Start of PROVIDED INFORMATION
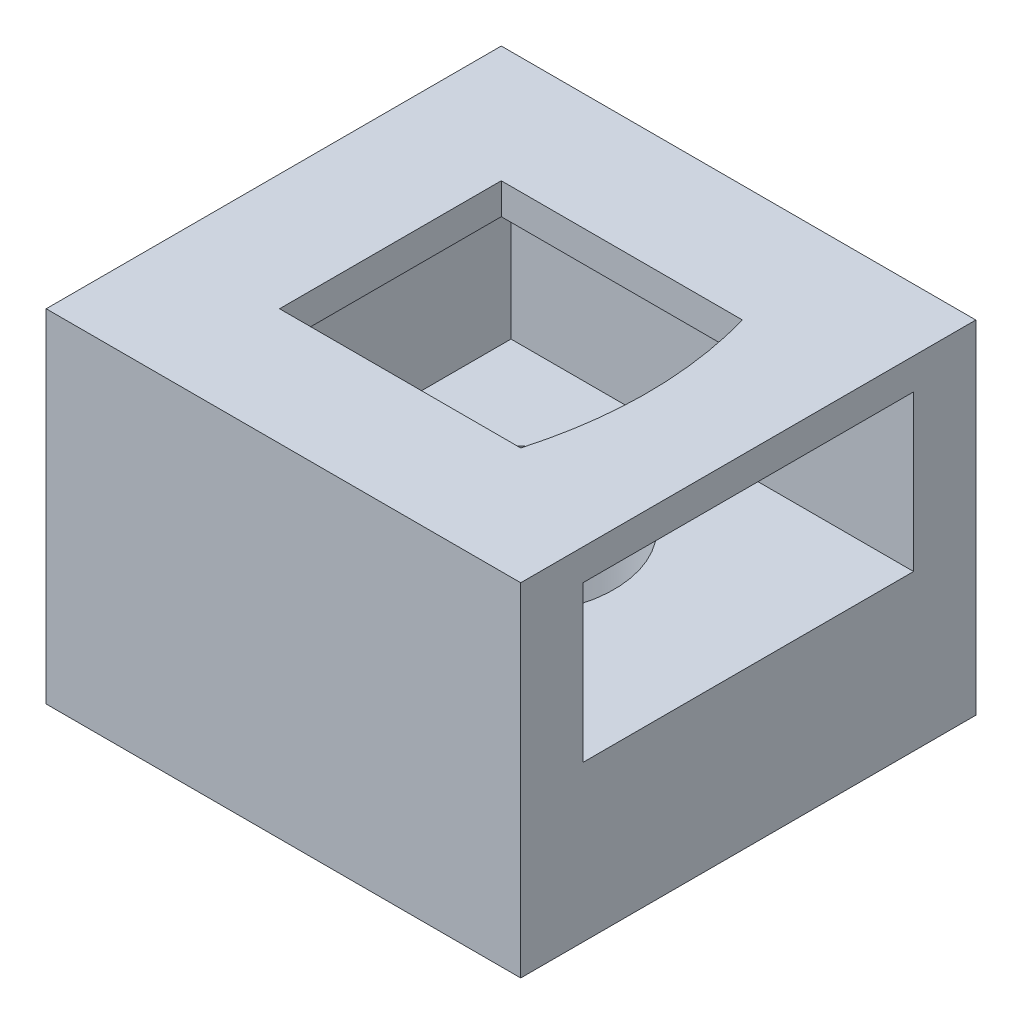
ISO-10303-21;
HEADER;
FILE_DESCRIPTION(('STEP AP214'),'2;1');
FILE_NAME('part.step','',(''),(''),'','','');
FILE_SCHEMA(('AUTOMOTIVE_DESIGN { 1 0 10303 214 1 1 1 1 }'));
ENDSEC;
DATA;
#1=APPLICATION_CONTEXT('core data for automotive mechanical design processes');
#2=APPLICATION_PROTOCOL_DEFINITION('international standard','automotive_design',2000,#1);
#3=PRODUCT_CONTEXT('',#1,'mechanical');
#4=PRODUCT('Part','Part','',(#3));
#5=PRODUCT_RELATED_PRODUCT_CATEGORY('part','',(#4));
#6=PRODUCT_DEFINITION_FORMATION('','',#4);
#7=PRODUCT_DEFINITION_CONTEXT('part definition',#1,'design');
#8=PRODUCT_DEFINITION('design','',#6,#7);
#9=PRODUCT_DEFINITION_SHAPE('','',#8);
#10=(LENGTH_UNIT() NAMED_UNIT(*) SI_UNIT(.MILLI.,.METRE.));
#11=(NAMED_UNIT(*) PLANE_ANGLE_UNIT() SI_UNIT($,.RADIAN.));
#12=(NAMED_UNIT(*) SI_UNIT($,.STERADIAN.) SOLID_ANGLE_UNIT());
#13=UNCERTAINTY_MEASURE_WITH_UNIT(LENGTH_MEASURE(1.E-05),#10,'distance_accuracy_value','');
#14=(GEOMETRIC_REPRESENTATION_CONTEXT(3) GLOBAL_UNCERTAINTY_ASSIGNED_CONTEXT((#13)) GLOBAL_UNIT_ASSIGNED_CONTEXT((#10,
#11,#12)) REPRESENTATION_CONTEXT('',''));
#15=CARTESIAN_POINT('',(0.,0.,0.));
#16=DIRECTION('',(0.,0.,1.));
#17=DIRECTION('',(1.,0.,0.));
#18=AXIS2_PLACEMENT_3D('',#15,#16,#17);
#19=CARTESIAN_POINT('',(0.,-0.8,-2.85));
#20=DIRECTION('',(0.,0.,1.));
#21=DIRECTION('',(1.,0.,0.));
#22=AXIS2_PLACEMENT_3D('',#19,#20,#21);
#23=PLANE('',#22);
#24=DIRECTION('',(1.,0.,0.));
#25=VECTOR('',#24,1.);
#26=CARTESIAN_POINT('',(0.,0.,-2.85));
#27=LINE('',#26,#25);
#28=CARTESIAN_POINT('',(-3.1,0.,-2.85));
#29=VERTEX_POINT('',#28);
#30=CARTESIAN_POINT('',(3.1,0.,-2.85));
#31=VERTEX_POINT('',#30);
#32=EDGE_CURVE('E174',#29,#31,#27,.T.);
#33=ORIENTED_EDGE('',*,*,#32,.F.);
#34=DIRECTION('',(0.,1.,0.));
#35=VECTOR('',#34,1.);
#36=CARTESIAN_POINT('',(-3.1,-0.8,-2.85));
#37=LINE('',#36,#35);
#38=CARTESIAN_POINT('',(-3.1,-0.8,-2.85));
#39=VERTEX_POINT('',#38);
#40=EDGE_CURVE('E179',#39,#29,#37,.T.);
#41=ORIENTED_EDGE('',*,*,#40,.F.);
#42=DIRECTION('',(1.,0.,0.));
#43=VECTOR('',#42,1.);
#44=CARTESIAN_POINT('',(0.,-0.8,-2.85));
#45=LINE('',#44,#43);
#46=CARTESIAN_POINT('',(3.1,-0.8,-2.85));
#47=VERTEX_POINT('',#46);
#48=EDGE_CURVE('E176',#39,#47,#45,.T.);
#49=ORIENTED_EDGE('',*,*,#48,.T.);
#50=DIRECTION('',(0.,1.,0.));
#51=VECTOR('',#50,1.);
#52=CARTESIAN_POINT('',(3.1,-0.8,-2.85));
#53=LINE('',#52,#51);
#54=EDGE_CURVE('E160',#47,#31,#53,.T.);
#55=ORIENTED_EDGE('',*,*,#54,.T.);
#56=EDGE_LOOP('',(#33,#41,#49,#55));
#57=FACE_BOUND('',#56,.T.);
#58=ADVANCED_FACE('F47',(#57),#23,.T.);
#59=CARTESIAN_POINT('',(-3.1,-0.8,0.));
#60=DIRECTION('',(1.,0.,0.));
#61=DIRECTION('',(0.,0.,-1.));
#62=AXIS2_PLACEMENT_3D('',#59,#60,#61);
#63=PLANE('',#62);
#64=DIRECTION('',(0.,0.,-1.));
#65=VECTOR('',#64,1.);
#66=CARTESIAN_POINT('',(-3.1,0.,0.));
#67=LINE('',#66,#65);
#68=CARTESIAN_POINT('',(-3.1,0.,2.85));
#69=VERTEX_POINT('',#68);
#70=EDGE_CURVE('E185',#69,#29,#67,.T.);
#71=ORIENTED_EDGE('',*,*,#70,.F.);
#72=DIRECTION('',(0.,1.,0.));
#73=VECTOR('',#72,1.);
#74=CARTESIAN_POINT('',(-3.1,-0.8,2.85));
#75=LINE('',#74,#73);
#76=CARTESIAN_POINT('',(-3.1,-0.8,2.85));
#77=VERTEX_POINT('',#76);
#78=EDGE_CURVE('E200',#77,#69,#75,.T.);
#79=ORIENTED_EDGE('',*,*,#78,.F.);
#80=DIRECTION('',(0.,0.,-1.));
#81=VECTOR('',#80,1.);
#82=CARTESIAN_POINT('',(-3.1,-0.8,0.));
#83=LINE('',#82,#81);
#84=EDGE_CURVE('E192',#77,#39,#83,.T.);
#85=ORIENTED_EDGE('',*,*,#84,.T.);
#86=ORIENTED_EDGE('',*,*,#40,.T.);
#87=EDGE_LOOP('',(#71,#79,#85,#86));
#88=FACE_BOUND('',#87,.T.);
#89=ADVANCED_FACE('F261',(#88),#63,.T.);
#90=CARTESIAN_POINT('',(6.1,-0.8,0.));
#91=DIRECTION('',(-1.,0.,0.));
#92=DIRECTION('',(0.,0.,1.));
#93=AXIS2_PLACEMENT_3D('',#90,#91,#92);
#94=PLANE('',#93);
#95=DIRECTION('',(0.,0.,-1.));
#96=VECTOR('',#95,1.);
#97=CARTESIAN_POINT('',(6.1,-0.8,0.));
#98=LINE('',#97,#96);
#99=CARTESIAN_POINT('',(6.1,-0.8,4.25));
#100=VERTEX_POINT('',#99);
#101=CARTESIAN_POINT('',(6.1,-0.8,-4.25));
#102=VERTEX_POINT('',#101);
#103=EDGE_CURVE('E57',#100,#102,#98,.T.);
#104=ORIENTED_EDGE('',*,*,#103,.T.);
#105=DIRECTION('',(0.,-1.,0.));
#106=VECTOR('',#105,1.);
#107=CARTESIAN_POINT('',(6.1,-0.800000000000001,-4.25));
#108=LINE('',#107,#106);
#109=CARTESIAN_POINT('',(6.1,-4.8,-4.25));
#110=VERTEX_POINT('',#109);
#111=EDGE_CURVE('E11',#102,#110,#108,.T.);
#112=ORIENTED_EDGE('',*,*,#111,.T.);
#113=DIRECTION('',(0.,0.,1.));
#114=VECTOR('',#113,1.);
#115=CARTESIAN_POINT('',(6.1,-4.8,0.));
#116=LINE('',#115,#114);
#117=CARTESIAN_POINT('',(6.1,-4.8,4.25));
#118=VERTEX_POINT('',#117);
#119=EDGE_CURVE('E178',#110,#118,#116,.T.);
#120=ORIENTED_EDGE('',*,*,#119,.T.);
#121=DIRECTION('',(0.,1.,0.));
#122=VECTOR('',#121,1.);
#123=CARTESIAN_POINT('',(6.1,-0.799999999999999,4.25));
#124=LINE('',#123,#122);
#125=EDGE_CURVE('E219',#118,#100,#124,.T.);
#126=ORIENTED_EDGE('',*,*,#125,.T.);
#127=EDGE_LOOP('',(#104,#112,#120,#126));
#128=FACE_BOUND('',#127,.T.);
#129=DIRECTION('',(0.,0.,1.));
#130=VECTOR('',#129,1.);
#131=CARTESIAN_POINT('',(6.1,0.,0.));
#132=LINE('',#131,#130);
#133=CARTESIAN_POINT('',(6.1,0.,-5.85));
#134=VERTEX_POINT('',#133);
#135=CARTESIAN_POINT('',(6.1,0.,5.85));
#136=VERTEX_POINT('',#135);
#137=EDGE_CURVE('E243',#134,#136,#132,.T.);
#138=ORIENTED_EDGE('',*,*,#137,.T.);
#139=DIRECTION('',(0.,1.,0.));
#140=VECTOR('',#139,1.);
#141=CARTESIAN_POINT('',(6.1,-0.8,5.85));
#142=LINE('',#141,#140);
#143=CARTESIAN_POINT('',(6.1,-8.8,5.85));
#144=VERTEX_POINT('',#143);
#145=EDGE_CURVE('E203',#144,#136,#142,.T.);
#146=ORIENTED_EDGE('',*,*,#145,.F.);
#147=DIRECTION('',(0.,0.,1.));
#148=VECTOR('',#147,1.);
#149=CARTESIAN_POINT('',(6.1,-8.8,5.85));
#150=LINE('',#149,#148);
#151=CARTESIAN_POINT('',(6.1,-8.8,-5.85));
#152=VERTEX_POINT('',#151);
#153=EDGE_CURVE('E313',#152,#144,#150,.T.);
#154=ORIENTED_EDGE('',*,*,#153,.F.);
#155=DIRECTION('',(0.,1.,0.));
#156=VECTOR('',#155,1.);
#157=CARTESIAN_POINT('',(6.1,-0.8,-5.85));
#158=LINE('',#157,#156);
#159=EDGE_CURVE('E212',#152,#134,#158,.T.);
#160=ORIENTED_EDGE('',*,*,#159,.T.);
#161=EDGE_LOOP('',(#138,#146,#154,#160));
#162=FACE_BOUND('',#161,.T.);
#163=ADVANCED_FACE('F49',(#128,#162),#94,.F.);
#164=CARTESIAN_POINT('',(0.,-0.8,5.85));
#165=DIRECTION('',(0.,0.,1.));
#166=DIRECTION('',(1.,0.,0.));
#167=AXIS2_PLACEMENT_3D('',#164,#165,#166);
#168=PLANE('',#167);
#169=DIRECTION('',(1.,0.,0.));
#170=VECTOR('',#169,1.);
#171=CARTESIAN_POINT('',(0.,0.,5.85));
#172=LINE('',#171,#170);
#173=CARTESIAN_POINT('',(-6.1,0.,5.85));
#174=VERTEX_POINT('',#173);
#175=EDGE_CURVE('E254',#174,#136,#172,.T.);
#176=ORIENTED_EDGE('',*,*,#175,.F.);
#177=DIRECTION('',(0.,1.,0.));
#178=VECTOR('',#177,1.);
#179=CARTESIAN_POINT('',(-6.1,-0.8,5.85));
#180=LINE('',#179,#178);
#181=CARTESIAN_POINT('',(-6.1,-8.8,5.85));
#182=VERTEX_POINT('',#181);
#183=EDGE_CURVE('E206',#182,#174,#180,.T.);
#184=ORIENTED_EDGE('',*,*,#183,.F.);
#185=DIRECTION('',(-1.,0.,0.));
#186=VECTOR('',#185,1.);
#187=CARTESIAN_POINT('',(-6.1,-8.8,5.85));
#188=LINE('',#187,#186);
#189=EDGE_CURVE('E320',#144,#182,#188,.T.);
#190=ORIENTED_EDGE('',*,*,#189,.F.);
#191=ORIENTED_EDGE('',*,*,#145,.T.);
#192=EDGE_LOOP('',(#176,#184,#190,#191));
#193=FACE_BOUND('',#192,.T.);
#194=ADVANCED_FACE('F393',(#193),#168,.T.);
#195=CARTESIAN_POINT('',(-6.1,-0.8,0.));
#196=DIRECTION('',(-1.,0.,0.));
#197=DIRECTION('',(0.,0.,1.));
#198=AXIS2_PLACEMENT_3D('',#195,#196,#197);
#199=PLANE('',#198);
#200=DIRECTION('',(0.,0.,1.));
#201=VECTOR('',#200,1.);
#202=CARTESIAN_POINT('',(-6.1,0.,0.));
#203=LINE('',#202,#201);
#204=CARTESIAN_POINT('',(-6.1,0.,-5.85));
#205=VERTEX_POINT('',#204);
#206=EDGE_CURVE('E250',#205,#174,#203,.T.);
#207=ORIENTED_EDGE('',*,*,#206,.F.);
#208=DIRECTION('',(0.,1.,0.));
#209=VECTOR('',#208,1.);
#210=CARTESIAN_POINT('',(-6.1,-0.8,-5.85));
#211=LINE('',#210,#209);
#212=CARTESIAN_POINT('',(-6.1,-15.02,-5.85));
#213=VERTEX_POINT('',#212);
#214=EDGE_CURVE('E209',#213,#205,#211,.T.);
#215=ORIENTED_EDGE('',*,*,#214,.F.);
#216=DIRECTION('',(0.,0.,-1.));
#217=VECTOR('',#216,1.);
#218=CARTESIAN_POINT('',(-6.1,-15.02,-5.85));
#219=LINE('',#218,#217);
#220=CARTESIAN_POINT('',(-6.1,-15.02,-3.35));
#221=VERTEX_POINT('',#220);
#222=EDGE_CURVE('E277',#221,#213,#219,.T.);
#223=ORIENTED_EDGE('',*,*,#222,.F.);
#224=DIRECTION('',(0.,1.,0.));
#225=VECTOR('',#224,1.);
#226=CARTESIAN_POINT('',(-6.1,-15.02,-3.35));
#227=LINE('',#226,#225);
#228=CARTESIAN_POINT('',(-6.1,-8.8,-3.35));
#229=VERTEX_POINT('',#228);
#230=EDGE_CURVE('E292',#221,#229,#227,.T.);
#231=ORIENTED_EDGE('',*,*,#230,.T.);
#232=DIRECTION('',(0.,0.,-1.));
#233=VECTOR('',#232,1.);
#234=CARTESIAN_POINT('',(-6.1,-8.8,5.85));
#235=LINE('',#234,#233);
#236=EDGE_CURVE('E324',#182,#229,#235,.T.);
#237=ORIENTED_EDGE('',*,*,#236,.F.);
#238=ORIENTED_EDGE('',*,*,#183,.T.);
#239=EDGE_LOOP('',(#207,#215,#223,#231,#237,#238));
#240=FACE_BOUND('',#239,.T.);
#241=ADVANCED_FACE('F396',(#240),#199,.T.);
#242=CARTESIAN_POINT('',(0.,-0.8,-5.85));
#243=DIRECTION('',(0.,0.,1.));
#244=DIRECTION('',(1.,0.,0.));
#245=AXIS2_PLACEMENT_3D('',#242,#243,#244);
#246=PLANE('',#245);
#247=DIRECTION('',(1.,0.,0.));
#248=VECTOR('',#247,1.);
#249=CARTESIAN_POINT('',(0.,0.,-5.85));
#250=LINE('',#249,#248);
#251=EDGE_CURVE('E247',#205,#134,#250,.T.);
#252=ORIENTED_EDGE('',*,*,#251,.T.);
#253=ORIENTED_EDGE('',*,*,#159,.F.);
#254=DIRECTION('',(1.,0.,0.));
#255=VECTOR('',#254,1.);
#256=CARTESIAN_POINT('',(-6.1,-8.8,-5.85));
#257=LINE('',#256,#255);
#258=CARTESIAN_POINT('',(-3.6,-8.8,-5.85));
#259=VERTEX_POINT('',#258);
#260=EDGE_CURVE('E327',#259,#152,#257,.T.);
#261=ORIENTED_EDGE('',*,*,#260,.F.);
#262=DIRECTION('',(0.,1.,0.));
#263=VECTOR('',#262,1.);
#264=CARTESIAN_POINT('',(-3.6,-15.02,-5.85));
#265=LINE('',#264,#263);
#266=CARTESIAN_POINT('',(-3.6,-15.02,-5.85));
#267=VERTEX_POINT('',#266);
#268=EDGE_CURVE('E304',#267,#259,#265,.T.);
#269=ORIENTED_EDGE('',*,*,#268,.F.);
#270=DIRECTION('',(1.,0.,0.));
#271=VECTOR('',#270,1.);
#272=CARTESIAN_POINT('',(-6.1,-15.02,-5.85));
#273=LINE('',#272,#271);
#274=EDGE_CURVE('E284',#213,#267,#273,.T.);
#275=ORIENTED_EDGE('',*,*,#274,.F.);
#276=ORIENTED_EDGE('',*,*,#214,.T.);
#277=EDGE_LOOP('',(#252,#253,#261,#269,#275,#276));
#278=FACE_BOUND('',#277,.T.);
#279=ADVANCED_FACE('F392',(#278),#246,.F.);
#280=CARTESIAN_POINT('',(0.,-0.8,2.85));
#281=DIRECTION('',(0.,0.,1.));
#282=DIRECTION('',(1.,0.,0.));
#283=AXIS2_PLACEMENT_3D('',#280,#281,#282);
#284=PLANE('',#283);
#285=DIRECTION('',(1.,0.,0.));
#286=VECTOR('',#285,1.);
#287=CARTESIAN_POINT('',(0.,0.,2.85));
#288=LINE('',#287,#286);
#289=CARTESIAN_POINT('',(3.1,0.,2.85));
#290=VERTEX_POINT('',#289);
#291=EDGE_CURVE('E194',#69,#290,#288,.T.);
#292=ORIENTED_EDGE('',*,*,#291,.T.);
#293=DIRECTION('',(0.,1.,0.));
#294=VECTOR('',#293,1.);
#295=CARTESIAN_POINT('',(3.1,-0.8,2.85));
#296=LINE('',#295,#294);
#297=CARTESIAN_POINT('',(3.1,-0.8,2.85));
#298=VERTEX_POINT('',#297);
#299=EDGE_CURVE('E163',#298,#290,#296,.T.);
#300=ORIENTED_EDGE('',*,*,#299,.F.);
#301=DIRECTION('',(1.,0.,0.));
#302=VECTOR('',#301,1.);
#303=CARTESIAN_POINT('',(0.,-0.8,2.85));
#304=LINE('',#303,#302);
#305=EDGE_CURVE('E187',#77,#298,#304,.T.);
#306=ORIENTED_EDGE('',*,*,#305,.F.);
#307=ORIENTED_EDGE('',*,*,#78,.T.);
#308=EDGE_LOOP('',(#292,#300,#306,#307));
#309=FACE_BOUND('',#308,.T.);
#310=ADVANCED_FACE('F259',(#309),#284,.F.);
#311=CARTESIAN_POINT('',(0.,-0.8,0.));
#312=DIRECTION('',(0.,1.,0.));
#313=DIRECTION('',(0.,0.,1.));
#314=AXIS2_PLACEMENT_3D('',#311,#312,#313);
#315=PLANE('',#314);
#316=DIRECTION('',(1.,0.,0.));
#317=VECTOR('',#316,1.);
#318=CARTESIAN_POINT('',(-4.25,-0.8,-4.25));
#319=LINE('',#318,#317);
#320=CARTESIAN_POINT('',(-4.25,-0.8,-4.25));
#321=VERTEX_POINT('',#320);
#322=EDGE_CURVE('E334',#321,#102,#319,.T.);
#323=ORIENTED_EDGE('',*,*,#322,.T.);
#324=ORIENTED_EDGE('',*,*,#103,.F.);
#325=DIRECTION('',(-1.,0.,0.));
#326=VECTOR('',#325,1.);
#327=CARTESIAN_POINT('',(-4.25,-0.8,4.25));
#328=LINE('',#327,#326);
#329=CARTESIAN_POINT('',(-4.25,-0.8,4.25));
#330=VERTEX_POINT('',#329);
#331=EDGE_CURVE('E330',#100,#330,#328,.T.);
#332=ORIENTED_EDGE('',*,*,#331,.T.);
#333=DIRECTION('',(0.,0.,-1.));
#334=VECTOR('',#333,1.);
#335=CARTESIAN_POINT('',(-4.25,-0.8,4.25));
#336=LINE('',#335,#334);
#337=EDGE_CURVE('E345',#330,#321,#336,.T.);
#338=ORIENTED_EDGE('',*,*,#337,.T.);
#339=EDGE_LOOP('',(#323,#324,#332,#338));
#340=FACE_BOUND('',#339,.T.);
#341=ORIENTED_EDGE('',*,*,#305,.T.);
#342=CARTESIAN_POINT('',(3.1,-0.8,2.85));
#343=CARTESIAN_POINT('',(3.9,-0.8,0.));
#344=CARTESIAN_POINT('',(3.1,-0.8,-2.85));
#345=B_SPLINE_CURVE_WITH_KNOTS('',2,(#342,#343,#344),.UNSPECIFIED.,.F.,.F.,(3,3),(0.,1.),.UNSPECIFIED.);
#346=EDGE_CURVE('E169',#298,#47,#345,.T.);
#347=ORIENTED_EDGE('',*,*,#346,.T.);
#348=ORIENTED_EDGE('',*,*,#48,.F.);
#349=ORIENTED_EDGE('',*,*,#84,.F.);
#350=EDGE_LOOP('',(#341,#347,#348,#349));
#351=FACE_BOUND('',#350,.T.);
#352=ADVANCED_FACE('F263',(#340,#351),#315,.F.);
#353=CARTESIAN_POINT('',(0.,0.,0.));
#354=DIRECTION('',(0.,1.,0.));
#355=DIRECTION('',(0.,0.,1.));
#356=AXIS2_PLACEMENT_3D('',#353,#354,#355);
#357=PLANE('',#356);
#358=CARTESIAN_POINT('',(3.1,0.,2.85));
#359=CARTESIAN_POINT('',(3.9,0.,0.));
#360=CARTESIAN_POINT('',(3.1,0.,-2.85));
#361=B_SPLINE_CURVE_WITH_KNOTS('',2,(#358,#359,#360),.UNSPECIFIED.,.F.,.F.,(3,3),(0.,1.),.UNSPECIFIED.);
#362=EDGE_CURVE('E157',#290,#31,#361,.T.);
#363=ORIENTED_EDGE('',*,*,#362,.F.);
#364=ORIENTED_EDGE('',*,*,#291,.F.);
#365=ORIENTED_EDGE('',*,*,#70,.T.);
#366=ORIENTED_EDGE('',*,*,#32,.T.);
#367=EDGE_LOOP('',(#363,#364,#365,#366));
#368=FACE_BOUND('',#367,.T.);
#369=ORIENTED_EDGE('',*,*,#137,.F.);
#370=ORIENTED_EDGE('',*,*,#251,.F.);
#371=ORIENTED_EDGE('',*,*,#206,.T.);
#372=ORIENTED_EDGE('',*,*,#175,.T.);
#373=EDGE_LOOP('',(#369,#370,#371,#372));
#374=FACE_BOUND('',#373,.T.);
#375=ADVANCED_FACE('F182',(#368,#374),#357,.T.);
#376=CARTESIAN_POINT('',(-4.25,-4.8,4.25));
#377=DIRECTION('',(0.,0.,-1.));
#378=DIRECTION('',(-1.,0.,0.));
#379=AXIS2_PLACEMENT_3D('',#376,#377,#378);
#380=PLANE('',#379);
#381=ORIENTED_EDGE('',*,*,#331,.F.);
#382=ORIENTED_EDGE('',*,*,#125,.F.);
#383=DIRECTION('',(-1.,0.,0.));
#384=VECTOR('',#383,1.);
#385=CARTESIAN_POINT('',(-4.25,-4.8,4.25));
End of PROVIDED INFORMATION
__PROBLEM DETAILS__
Set down exactly the lines of the data above, beginning with the line that has "#263=VECTOR('',#262,1.);" and ending with the line that has "#277=EDGE_LOOP('',(#252,#253,#261,#269,#275,#276));", and no others.

__ANSWER FOR THE TASK__
#263=VECTOR('',#262,1.);
#264=CARTESIAN_POINT('',(-3.6,-15.02,-5.85));
#265=LINE('',#264,#263);
#266=CARTESIAN_POINT('',(-3.6,-15.02,-5.85));
#267=VERTEX_POINT('',#266);
#268=EDGE_CURVE('E304',#267,#259,#265,.T.);
#269=ORIENTED_EDGE('',*,*,#268,.F.);
#270=DIRECTION('',(1.,0.,0.));
#271=VECTOR('',#270,1.);
#272=CARTESIAN_POINT('',(-6.1,-15.02,-5.85));
#273=LINE('',#272,#271);
#274=EDGE_CURVE('E284',#213,#267,#273,.T.);
#275=ORIENTED_EDGE('',*,*,#274,.F.);
#276=ORIENTED_EDGE('',*,*,#214,.T.);
#277=EDGE_LOOP('',(#252,#253,#261,#269,#275,#276));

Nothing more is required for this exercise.